I'm not familiar with where Memorial Point is? Can someone tell me?


----------



## Danny O (Apr 14, 2010)

ScooterC said:


> I'm not familiar with where Memorial Point is? Can someone tell me?


Try this link. Zoom out to see the rest of the lake.

http://maps.yahoo.com/#mvt=m&lat=30...oom=14&q1=101 tigerville road, livingston, txhttp://maps.yahoo.com/#mvt=m&lat=30...oom=14&q1=101 tigerville road, livingston, tx


----------



## rocket34 (Jul 7, 2009)

x2 what R3F said. I think I have an innate ability to find and make contact with submerged stumps. I really prefer the quite back waters to the main lake but, I am nervous as a cat picking my way through. Glad no one was hurt.


----------



## ScooterC (Jan 21, 2010)

Thanks, Danny!


----------



## Whitebassfisher (May 4, 2007)

Loy, I have tried to map what I am talking about. Between the lines I cut the stumps near Memorial Point. The right (east) line starts on the bank at the pier where the for sale sign is now. The left (west) line starts on the bank just on the opposite side of the little inlet on Memorial Point. That little inlet usually has a sail boat beached on the bank. That whole point was covered in stumps. The lake was down 4 feet when I cut them. They should be 3 & 1/2 feet down in normal pool level. It is easy for me now to go from the point to the island, but I admit I am nervous going from the island to the point because it is harder for me to line up.


----------



## fishingcacher (Mar 29, 2008)

Glad no one was hurt and that the insurance would approve the repair.
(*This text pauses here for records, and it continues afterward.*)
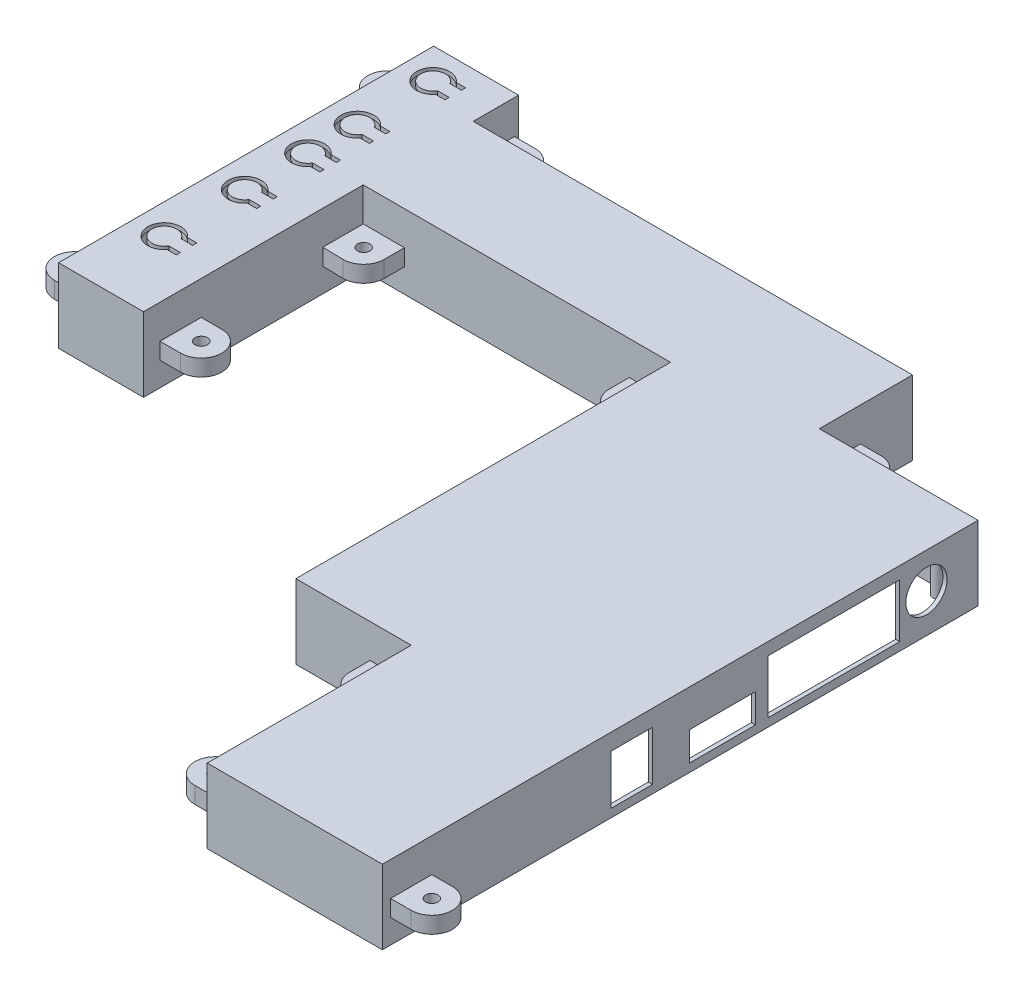
SolidWorks part; units mm, degrees
ref_plane "Front Plane" through (0, 0, 0) normal (0, 0, 1) x (1, 0, 0)
ref_plane "Top Plane" through (0, 0, 0) normal (0, 1, 0) x (1, 0, 0)
ref_plane "Right Plane" through (0, 0, 0) normal (1, 0, 0) x (0, 0, -1)
sketch "Sketch1" plane through (0, 0, 0) normal (0, 1, 0) x (1, 0, 0)
  line L5 (0, 0) -> (28, 0) construction
  line L17 (28, -51.5) -> (28, 0) construction
  line L19 (66.5, -51.5) -> (66.5, 91) construction
  line L20 (66.5, -51.5) -> (28, -51.5) construction
  line L25 (0, 0) -> (0, 91) construction
  line L26 (28, 91) -> (66.5, 91) construction
  line L36 (-78.5536, 113.6) -> (-78.5536, 124.6) construction
  line L37 (-95.1536, 37.6) -> (-78.5536, 37.6) construction
  line L38 (-95.1536, 37.6) -> (-95.1536, 124.6) construction
  line L39 (-95.1536, 124.6) -> (-78.5536, 124.6) construction
  line L40 (-78.5536, 37.6) -> (-78.5536, 91) construction
  line L41 (-78.5536, 113.6) -> (28, 113.6) construction
  line L43 (-78.5536, 91) -> (0, 91) construction
  line L48 (28, 91) -> (28, 113.6) construction
  circle A0 centre (-71.5536, 120.6) radius 7 construction
  circle A1 centre (-71.5536, 120.6) radius 5
  circle A2 centre (-71.5536, 120.6) radius 2.3
  circle A3 centre (-71.5536, 84) radius 7 construction
  circle A4 centre (-71.5536, 84) radius 5
  circle A5 centre (-71.5536, 84) radius 2.3
  circle A6 centre (-102.1536, 120.6) radius 7 construction
  circle A7 centre (-102.1536, 120.6) radius 5
  circle A8 centre (-102.1536, 120.6) radius 2.3
  circle A9 centre (-7, 84) radius 7 construction
  circle A10 centre (-7, 84) radius 5
  circle A11 centre (-7, 84) radius 2.3
  circle A12 centre (35, 98) radius 7 construction
  circle A13 centre (35, 98) radius 5
  circle A14 centre (35, 98) radius 2.3
  circle A15 centre (21, -7) radius 7 construction
  circle A16 centre (21, -7) radius 5
  circle A17 centre (21, -7) radius 2.3
  circle A18 centre (-71.5536, 44.6) radius 7 construction
  circle A19 centre (-71.5536, 44.6) radius 5
  circle A20 centre (-71.5536, 44.6) radius 2.3
  circle A21 centre (-102.1536, 44.6) radius 7 construction
  circle A22 centre (-102.1536, 44.6) radius 5
  circle A23 centre (-102.1536, 44.6) radius 2.3
  circle A24 centre (73.5, 84) radius 7 construction
  circle A25 centre (73.5, 84) radius 5
  circle A26 centre (73.5, 84) radius 2.3
  circle A27 centre (73.5, -44.5) radius 7 construction
  circle A28 centre (73.5, -44.5) radius 5
  circle A29 centre (73.5, -44.5) radius 2.3
  circle A30 centre (21, -44.5) radius 7 construction
  circle A31 centre (21, -44.5) radius 5
  circle A32 centre (21, -44.5) radius 2.3
  point P0 (0, 0)
  point P3 (0, 0)
  point P5 (0, 0)
  point P6 (0, 0)
  point P7 (0, 0)
  point P8 (0, 0)
  point P9 (-102.1536, 120.6)
  point P14 (0, 0)
  point P16 (0, 0)
  point P20 (0, 0)
  point P22 (0, 0)
  point P26 (0, 0)
  point P27 (19.4404, 91)
  point P30 (9.896, 91)
  point P34 (73.5, 81.715)
  dimension "D8" = 14
  dimension "D14" = 10
  dimension "D15" = 4.6
  dimension "D16" = 14
  dimension "D17" = 10
  dimension "D18" = 4.6
  dimension "D19" = 14
  dimension "D20" = 10
  dimension "D21" = 4.6
  dimension "D22" = 14
  dimension "D23" = 10
  dimension "D24" = 4.6
  dimension "D25" = 14
  dimension "D26" = 10
  dimension "D27" = 4.6
  dimension "D28" = 14
  dimension "D29" = 10
  dimension "D30" = 4.6
  dimension "D31" = 14
  dimension "D32" = 10
  dimension "D33" = 4.6
  dimension "D34" = 14
  dimension "D35" = 10
  dimension "D36" = 4.6
  dimension "D37" = 14
  dimension "D38" = 10
  dimension "D39" = 4.6
  dimension "D40" = 14
  dimension "D41" = 10
  dimension "D42" = 4.6
  dimension "D43" = 14
  dimension "D44" = 10
  dimension "D45" = 4.6
  dimension "D3" = 66.5
  dimension "D4" = 91
  dimension "D5" = 106.5536
  dimension "D6" = 142.5
  dimension "D7" = 38.5
  dimension "D9" = 16.6
  dimension "D10" = 87
  dimension "D11" = 28
  dimension "D12" = 11
  dimension "D13" = 22.6
sketch "Sketch2" plane through (0, 0, 0) normal (0, 1, 0) x (1, 0, 0)
  line L0 (-97.1536, 35.6) -> (-97.1536, 126.6)
  line L1 (-97.1536, 126.6) -> (-76.5536, 126.6)
  line L2 (-76.5536, 126.6) -> (-76.5536, 115.6)
  line L3 (-76.5536, 115.6) -> (30, 115.6)
  line L4 (30, 115.6) -> (30, 93)
  line L5 (30, 93) -> (68.5, 93)
  line L6 (68.5, 93) -> (68.5, -51.5)
  line L7 (68.5, -51.5) -> (26, -51.5)
  line L8 (26, -51.5) -> (26, -2)
  line L9 (26, -2) -> (-2, -2)
  line L10 (-2, -2) -> (-2, 88.899)
  line L11 (-2, 88.899) -> (-76.5536, 88.899)
  line L12 (-76.5536, 88.899) -> (-76.5536, 35.6)
  line L13 (-76.5536, 35.6) -> (-97.1536, 35.6)
  line L14 (-102.1536, 49.6) -> (-97.1536, 49.6)
  line L15 (66.5, -51.5) -> (28, -51.5) construction
  line L16 (-95.1536, 124.6) -> (-78.5536, 124.6) construction
  line L17 (-95.1536, 37.6) -> (-78.5536, 37.6) construction
  line L18 (-96.1571, 36.6) -> (-96.1571, 125.6)
  line L19 (-96.1571, 125.6) -> (-77.5536, 125.6)
  line L20 (-77.5536, 125.6) -> (-77.5536, 114.6)
  line L21 (-77.5536, 114.6) -> (29, 114.6)
  line L22 (29, 114.6) -> (29, 92)
  line L23 (29, 92) -> (67.5, 92)
  line L24 (67.5, 92) -> (67.5, -50.5)
  line L25 (67.5, -50.5) -> (27, -50.5)
  line L26 (27, -50.5) -> (27, -1)
  line L27 (27, -1) -> (-1, -1)
  line L28 (-1, -1) -> (-1, 89.899)
  line L29 (-1, 89.899) -> (-77.5536, 89.899)
  line L30 (-77.5536, 89.899) -> (-77.5536, 36.6)
  line L31 (-77.5536, 36.6) -> (-96.1571, 36.6)
  line L32 (-102.1536, 39.6) -> (-97.1536, 39.6)
  line L33 (-71.5536, 49.6) -> (-76.5536, 49.6)
  line L34 (-71.5536, 39.6) -> (-76.5536, 39.6)
  line L35 (-66.5536, 84) -> (-66.5536, 88.899)
  line L36 (-71.5536, 79) -> (-76.5536, 79.101)
  line L37 (-102.1536, 115.6) -> (-97.1536, 115.6)
  line L38 (-102.1536, 125.6) -> (-97.1536, 125.6)
  line L39 (-71.5536, 125.6) -> (-76.5536, 125.6)
  line L40 (-66.5536, 120.6) -> (-66.5536, 115.6)
  line L41 (-12, 84) -> (-12, 88.899)
  line L42 (-7, 79) -> (-2, 79)
  line L43 (35, 103) -> (30, 103)
  line L44 (40, 98) -> (40, 93)
  line L45 (73.5, 89) -> (68.5, 89)
  line L46 (73.5, 79) -> (68.5, 79)
  line L47 (16, -7) -> (16, -2)
  line L48 (21, -12) -> (26, -12)
  line L49 (21, -39.5) -> (26, -39.5)
  line L50 (21, -49.5) -> (26, -49.5)
  line L51 (73.5, -39.5) -> (68.5, -39.5)
  line L52 (73.5, -49.5) -> (68.5, -49.5)
  circle A0 centre (-7, 84) radius 7 construction
  circle A1 centre (-71.5536, 84) radius 7 construction
  circle A2 centre (-71.5536, 44.6) radius 5 construction
  circle A3 centre (-102.1536, 44.6) radius 5 construction
  circle A4 centre (-71.5536, 120.6) radius 5 construction
  circle A5 centre (35, 98) radius 5 construction
  circle A6 centre (73.5, 84) radius 5 construction
  circle A7 centre (73.5, -44.5) radius 5 construction
  circle A8 centre (21, -44.5) radius 5 construction
  arc A9 (-102.1536, 49.6) -> (-102.1536, 39.6) centre (-102.1536, 44.6) ccw
  circle A10 centre (21, -7) radius 5 construction
  circle A11 centre (-7, 84) radius 5 construction
  circle A12 centre (-102.1536, 44.6) radius 1.5
  circle A14 centre (-71.5536, 44.6) radius 1.5
  arc A15 (-71.5536, 39.6) -> (-71.5536, 49.6) centre (-71.5536, 44.6) ccw
  circle A16 centre (-71.5536, 84) radius 1.5
  arc A17 (-71.7556, 79.0041) -> (-66.5536, 84) centre (-71.5536, 84) ccw
  circle A19 centre (-102.1536, 120.6) radius 1.5
  arc A20 (-102.1536, 125.6) -> (-102.1536, 115.6) centre (-102.1536, 120.6) ccw
  circle A21 centre (21, -44.5) radius 1.5
  circle A22 centre (-71.5536, 120.6) radius 1.5
  arc A23 (-66.5536, 120.6) -> (-71.5536, 125.6) centre (-71.5536, 120.6) ccw
  circle A24 centre (-7, 84) radius 1.5
  arc A25 (-12, 84) -> (-7, 79) centre (-7, 84) ccw
  circle A26 centre (35, 98) radius 1.5
  arc A27 (40, 98) -> (35, 103) centre (35, 98) ccw
  circle A28 centre (73.5, 84) radius 1.5
  arc A29 (73.5, 79) -> (73.5, 89) centre (73.5, 84) ccw
  circle A30 centre (21, -7) radius 1.5
  arc A31 (16, -7) -> (21, -12) centre (21, -7) ccw
  arc A32 (21, -39.5) -> (21, -49.5) centre (21, -44.5) ccw
  circle A34 centre (73.5, -44.5) radius 1.5
  arc A35 (73.5, -49.5) -> (73.5, -39.5) centre (73.5, -44.5) ccw
  point P73 (0, 0)
  point P91 (0, 0)
  point P94 (0, 0)
  point P144 (0, 0)
  dimension "D17" = 3
  dimension "D18" = 3
  dimension "D19" = 3
  dimension "D20" = 3
  dimension "D21" = 3
  dimension "D22" = 3
  dimension "D23" = 5
  dimension "D24" = 3
  dimension "D25" = 3
  dimension "D26" = 3
  dimension "D27" = 5
  dimension "D28" = 3
  dimension "D29" = 5
  dimension "D30" = 5
  dimension "D31" = 3
  dimension "D1" = 2
  dimension "D2" = 2
  dimension "D3" = 0.9965
  dimension "D4" = 1
  dimension "D5" = 1
  dimension "D6" = 1
  dimension "D7" = 1
  dimension "D8" = 1
  dimension "D9" = 1
  dimension "D10" = 1
  dimension "D11" = 1
  dimension "D12" = 1
  dimension "D13" = 1
  dimension "D14" = 1
  dimension "D15" = 1
  dimension "D16" = 1
extrude "Boss-Extrude5" add sketch "Sketch2" along normal blind 18 contours L13 L12 L11 L10 L9 L8 L7 L6 L5 L4 L3 L2 L1 L0 L30 L31 L18 L19 L20 L21 L22 L23 L24 L25 L26 L27 L28 L29 region at (-96.9104, 0, -37.6)
extrude "Boss-Extrude6" add sketch "Sketch2<4>" along normal blind 1 from offset 17 contours L31 L30 L29 L28 L27 L26 L25 L24 L23 L22 L21 L20 L19 L18 region at (7.7745, 0, -50.4686)
sketch "Sketch2<4>" plane through (0, 0, 0) normal (0, 1, 0) x (1, 0, 0) same geometry as "Sketch2"
extrude "Boss-Extrude7" add sketch "Sketch2<5>" along normal blind 4 from offset 5.8 contours L14 A9 L32 L0 A12 | L34 A15 L33 L12 A14 | L36 A17 L35 L11 L12 A16 | L41 A25 L42 L10 L11 A24 | L47 A31 L48 L8 L9 A30 | L49 A32 L50 L8 A21 | L52 A35 L51 L6 A34 | L44 A27 L43 L4 L5 A26 | L38 A20 L37 L0 A19 | L40 A23 L39 L2 L3 A22 region at (-99.6536, 0, -39.7414) region at (-76.4122, 0, -44.6) region at (-99.6536, 0, -115.7414) region at (-76.4129, 0, -84) region at (-74.0536, 0, -125.4586) region at (-7, 0, -88.7583) region at (32.5, 0, -102.8586) region at (21, 0, 2.1414) region at (25.8586, 0, 44.5) region at (71, 0, 39.6414)
sketch "Sketch2<5>" plane through (0, 0, 0) normal (0, 1, 0) x (1, 0, 0) same geometry as "Sketch2"
sketch "Sketch5" plane through (0, 18, 0) normal (0, 1, 0) x (1, 0, 0)
  line L0 (-97.1536, 35.6) -> (-97.1536, 126.6) construction
  line L1 (-95.1536, 37.6) -> (-78.5536, 37.6) construction
  line L2 (-95.1536, 37.6) -> (-95.1536, 124.6) construction
  line L3 (-95.1536, 124.6) -> (-78.5536, 124.6) construction
  line L4 (-78.5536, 37.6) -> (-78.5536, 124.6) construction
  line L5 (-97.1536, 126.6) -> (-76.5536, 126.6) construction
  line L6 (-76.5536, 88.899) -> (-76.5536, 35.6) construction
  line L7 (-76.5536, 35.6) -> (-97.1536, 35.6) construction
  line L8 (-89.9036, 147.778) -> (-89.9036, 23.2346) construction
  line L9 (-86.7811, 121.7) -> (-84.5147, 121.7)
  line L10 (-84.5147, 121.7) -> (-84.5147, 120.7)
  line L11 (-87.3055, 120.7) -> (-84.5147, 120.7)
  line L12 (-93.8541, 119.2) -> (-81.9397, 119.2) construction
  line L13 (-84.5147, 116.7) -> (-84.5147, 117.7)
  line L14 (-86.7811, 116.7) -> (-84.5147, 116.7)
  line L15 (-87.3055, 117.7) -> (-84.5147, 117.7)
  line L16 (-86.7811, 103.35) -> (-84.5147, 103.35)
  line L17 (-84.5147, 103.35) -> (-84.5147, 102.35)
  line L18 (-87.3055, 102.35) -> (-84.5147, 102.35)
  line L19 (-94.4607, 100.85) -> (-80.3141, 100.85) construction
  line L20 (-84.5147, 98.35) -> (-84.5147, 99.35)
  line L21 (-86.7811, 98.35) -> (-84.5147, 98.35)
  line L22 (-87.3055, 99.35) -> (-84.5147, 99.35)
  line L23 (-86.7811, 91.35) -> (-84.5147, 91.35)
  line L24 (-84.5147, 91.35) -> (-84.5147, 90.35)
  line L25 (-87.3055, 90.35) -> (-84.5147, 90.35)
  line L26 (-94.4607, 88.85) -> (-81.9397, 88.85) construction
  line L27 (-84.5147, 86.35) -> (-84.5147, 87.35)
  line L28 (-86.7811, 86.35) -> (-84.5147, 86.35)
  line L29 (-87.3055, 87.35) -> (-84.5147, 87.35)
  line L30 (-86.7811, 76) -> (-84.5147, 76)
  line L31 (-84.5147, 76) -> (-84.5147, 75)
  line L32 (-87.3055, 75) -> (-84.5147, 75)
  line L33 (-94.4607, 73.5) -> (-84.5147, 73.5) construction
  line L34 (-84.5147, 71) -> (-84.5147, 72)
  line L35 (-86.7811, 71) -> (-84.5147, 71)
  line L36 (-87.3055, 72) -> (-84.5147, 72)
  line L37 (-86.7811, 56.5) -> (-84.5147, 56.5)
  line L38 (-84.5147, 56.5) -> (-84.5147, 55.5)
  line L39 (-87.3055, 55.5) -> (-84.5147, 55.5)
  line L40 (-89.9036, 54) -> (-94.4607, 54) construction
  line L41 (-84.5147, 51.5) -> (-84.5147, 52.5)
  line L42 (-86.7811, 51.5) -> (-84.5147, 51.5)
  line L43 (-87.3055, 52.5) -> (-84.5147, 52.5)
  circle A0 centre (-89.9036, 109.25) radius 3.5 construction
  circle A1 centre (-89.9036, 109.25) radius 2.25 construction
  circle A2 centre (-89.9036, 63) radius 2.25 construction
  circle A3 centre (-89.9036, 63) radius 3.5 construction
  arc A4 (-87.3055, 120.7) -> (-87.3055, 117.7) centre (-89.9036, 119.2) ccw
  arc A6 (-86.7811, 121.7) -> (-86.7811, 116.7) centre (-89.9036, 119.2) ccw
  arc A7 (-87.3055, 102.35) -> (-87.3055, 99.35) centre (-89.9036, 100.85) ccw
  arc A8 (-86.7811, 103.35) -> (-86.7811, 98.35) centre (-89.9036, 100.85) ccw
  arc A9 (-87.3055, 90.35) -> (-87.3055, 87.35) centre (-89.9036, 88.85) ccw
  arc A10 (-86.7811, 91.35) -> (-86.7811, 86.35) centre (-89.9036, 88.85) ccw
  arc A11 (-87.3055, 75) -> (-87.3055, 72) centre (-89.9036, 73.5) ccw
  arc A12 (-86.7811, 76) -> (-86.7811, 71) centre (-89.9036, 73.5) ccw
  arc A13 (-87.3055, 55.5) -> (-87.3055, 52.5) centre (-89.9036, 54) ccw
  arc A14 (-86.7811, 56.5) -> (-86.7811, 51.5) centre (-89.9036, 54) ccw
  point P20 (-86.6232, 117.8062)
  point P22 (-87.4734, 117.5552)
  point P33 (-81.9397, 118.3199)
  point P34 (0, 0)
  point P35 (0, 0)
  point P36 (-89.9036, 118.596)
  point P48 (-113.6206, 94.7705)
  point P49 (-89.9036, 102.2679)
  point P50 (-80.3141, 100.4279)
  point P51 (-94.4607, 99.9213)
  point P63 (-89.9036, 89.8367)
  point P75 (-89.9036, 78.8998)
  point P76 (-89.9036, 48.3391)
  point P87 (-123.6839, 51.3658)
  point P88 (-89.9036, 46.9638)
  point P89 (-94.4607, 46.5166)
  point P90 (-89.9036, 75.0529)
  point P91 (-89.9036, 86.9946)
  point P92 (-89.9036, 97.6876)
  point P93 (-84.5147, 73.5)
  point P94 (-94.4607, 73.5)
  point P95 (-81.9397, 88.85)
  point P96 (-94.4607, 88.85)
  point P97 (0, 0)
  dimension "D5" = 4.5
  dimension "D6" = 4.5
  dimension "D7" = 7
  dimension "D8" = 7
  dimension "D12" = 3
  dimension "D13" = 4
  dimension "D17" = 3
  dimension "D18" = 4
  dimension "D22" = 3
  dimension "D23" = 4
  dimension "D27" = 3
  dimension "D28" = 4
  dimension "D32" = 3
  dimension "D33" = 4
  dimension "D1" = 2
  dimension "D2" = 2
  dimension "D3" = 2
  dimension "D4" = 2
  dimension "D9" = 5.25
  dimension "D10" = 46.25
  dimension "D11" = 15.35
  dimension "D14" = 1
  dimension "D15" = 2.7909
  dimension "D16" = 3
  dimension "D19" = 1
  dimension "D20" = 2.7909
  dimension "D21" = 3
  dimension "D24" = 1
  dimension "D25" = 2.7909
  dimension "D26" = 3
  dimension "D29" = 1
  dimension "D30" = 2.7909
  dimension "D31" = 3
  dimension "D34" = 1
  dimension "D35" = 2.7909
  dimension "D36" = 3
  dimension "D37" = 5.4
  dimension "D38" = 12
  dimension "D39" = 8.4
  dimension "D40" = 15.35
  dimension "D41" = 9
sketch "Sketch6" plane through (0, 18, 0) normal (0, 1, 0) x (1, 0, 0)
  line L0 (-89.9036, 147.778) -> (-89.9036, 23.2346) construction
  line L2 (-95.1536, 37.6) -> (-78.5536, 37.6) construction
  line L3 (-95.1536, 37.6) -> (-95.1536, 124.6) construction
  line L4 (-95.1536, 124.6) -> (-78.5536, 124.6) construction
  line L5 (-78.5536, 37.6) -> (-78.5536, 124.6) construction
  circle A0 centre (-89.9036, 109.25) radius 2.25
  circle A1 centre (-89.9036, 109.25) radius 3.5
  circle A2 centre (-89.9036, 63) radius 2.25
  circle A3 centre (-89.9036, 63) radius 3.5
  dimension "D2" = 4.5
  dimension "D3" = 7
  dimension "D4" = 4.5
  dimension "D5" = 7
  dimension "D1" = 46.25
extrude "Cut-Extrude1" cut sketch "Sketch5" against normal through all both and the other way through all
extrude "Boss-Extrude9" add sketch "Sketch6" against normal blind 6 from surface starting at face at (-87.3691, 17, -119.2)
sketch "Sketch8" plane through (68.5, 0, 0) normal (1, 0, 0) x (0, 0, -1)
  line L0 (80.5, 4.4) -> (80.5, 14.4) construction
  line L1 (74, 2) -> (74, 15)
  line L2 (74, 2) -> (42, 2)
  line L3 (42, 2) -> (42, 15)
  line L4 (74, 15) -> (42, 15)
  line L5 (39, 2) -> (39, 9)
  line L6 (39, 2) -> (23, 2)
  line L7 (23, 2) -> (23, 9)
  line L8 (39, 9) -> (23, 9)
  line L9 (14, 2) -> (14, 14)
  line L10 (14, 2) -> (4, 2)
  line L11 (4, 2) -> (4, 14)
  line L12 (14, 14) -> (4, 14)
  line L13 (93, 18) -> (-51.5, 18) construction
  line L14 (0, 16.9334) -> (0, 1.0778) construction
  circle A0 centre (80.5, 9.4) radius 5
  dimension "D7" = 10
  dimension "D1" = 10
  dimension "D2" = 12
  dimension "D3" = 16
  dimension "D4" = 7
  dimension "D5" = 32
  dimension "D6" = 13
  dimension "D8" = 9
  dimension "D9" = 3
  dimension "D10" = 6.5
  dimension "D11" = 4
  dimension "D12" = 7.4
  dimension "D13" = 16
extrude "Cut-Extrude2" cut sketch "Sketch8" along direction (1, 0, 0) on the side against the normal blind 6 and the other way through all from surface starting at face at (68.5, 7.8, 44.5)
sketch "Sketch7" plane through (0, 17, 0) normal (0, -1, 0) x (1, 0, 0)
  line L0 (0, -45.5) -> (66.5, -45.5) construction
  line L1 (33.25, 0) -> (33.25, -91) construction
  line L3 (0, -91) -> (66.5, -91) construction
  line L4 (0, -91) -> (0, 0) construction
  line L5 (0, 0) -> (66.5, 0) construction
  line L6 (66.5, -91) -> (66.5, 0) construction
  line L7 (67.5, -92) -> (67.5, 50.5) construction
  line L9 (29, -92) -> (67.5, -92) construction
  circle A0 centre (1.2, -10.7) radius 1.2
  circle A1 centre (2, -89) radius 1.2
  circle A2 centre (63.3, -88.4) radius 1.2
  circle A3 centre (63, -1.6) radius 1.2
  circle A4 centre (52.0668, -32.9671) radius 3
  circle A5 centre (3, -52) radius 2
  point P18 (33.25, -45.5)
  point P25 (3.2432, -64.9355)
  dimension "D1" = 2.4
  dimension "D2" = 2.4
  dimension "D3" = 2.4
  dimension "D4" = 2.4
  dimension "D16" = 14.4332
  dimension "D17" = 6
  dimension "D18" = 32.9671
  dimension "D19" = 37
  dimension "D21" = 4
  dimension "D5" = 66.5
  dimension "D6" = 91
  dimension "D7" = 2
  dimension "D8" = 3.2
  dimension "D9" = 10.7
  dimension "D10" = 3.5
  dimension "D11" = 1.6
  dimension "D12" = 2
  dimension "D13" = 2.6
  dimension "D14" = 1
  dimension "D15" = 1
  dimension "D20" = 6
extrude "Boss-Extrude10" add sketch "Sketch7" along normal up to vertex (15 mm away) up to point (67.5, 2, -4)

I had no idea it would cost that much for a repair.


----------



## fishinganimal (Mar 30, 2006)

This is what I learned when the lake was 4'down when they were working on the dam. Heading from the island North do not go down the middle of the lake. There is a major stump row from the center of Memorial Point that stretches way beyond the middle of the lake and they are about 1 foot apart. They looked to be 3' out of the water then. If you leave the island head straight toward the south corner of memorial point and stay about 75-100yrds from the bank as get closer to Memorial Point. About 200yrds before you get to memorial point slow down to idle until you clear the point there is a bunch of stumps in this area mostly submerged but with the lake up should be no problem. Once you clear the South point of memorial there is a huge stump about 30 yrds from the bank thats why you have to stay out from the shore. You can run after you clear the point about 100yrds. Stay along the shore of memorial until you clear the North corner then you only have a couple of stumps but they are visable in this area. I cringe every time I see a boat run down the middle of the lake. On the west side leave the island and head toward Cape Royale you will see some white pvc pipes and when you clear those you can heads toward the North and stay a 100-150yrds from the shore till you clear the Cape point that heads to Wolf Creek Park. Once you clear that point head toward the far point that you see to the North and stay about 50yrd out from that point and it is a clean run all the way across to the 190. Just a couple of stumps in this area but visable. PM me if you have any questions. If you leave the island and head straight towards Wolf Creek you will go through a big group of stumps that is why i head toward the Cape Royale Marina direction.


----------



## Gofish2day (May 9, 2006)

Alright you guys are really scaring me! I should have bought a alum flat instead of the kenner bay boat.


----------



## bueyescowboy (Apr 10, 2005)

whtebassfishmn there is currently a stump with a pole sticking out from it. Is your path on the west side of that stump, and how far from it. 
I think I ll stay with the paths I have...mainly because I was running them when the lake was drained......


----------



## shadslinger (Aug 21, 2005)

Thanks for the map WBF! And thanks for the route FA! You can't have enough information about where those stumps/trees are.
A friend told me the other day about wanting to call in an airlift after getting out in the Walker's Lake area and bumping a stump every 20'.
I am learning how to get to those more Northern spots on the lake safely, and I am a firm believer in learning from someone who has the experience. 
Nothing takes the place of experience when it comes to fishing and running a boat.
2coolers get a lot of both from folks on the board. Many thanks to all!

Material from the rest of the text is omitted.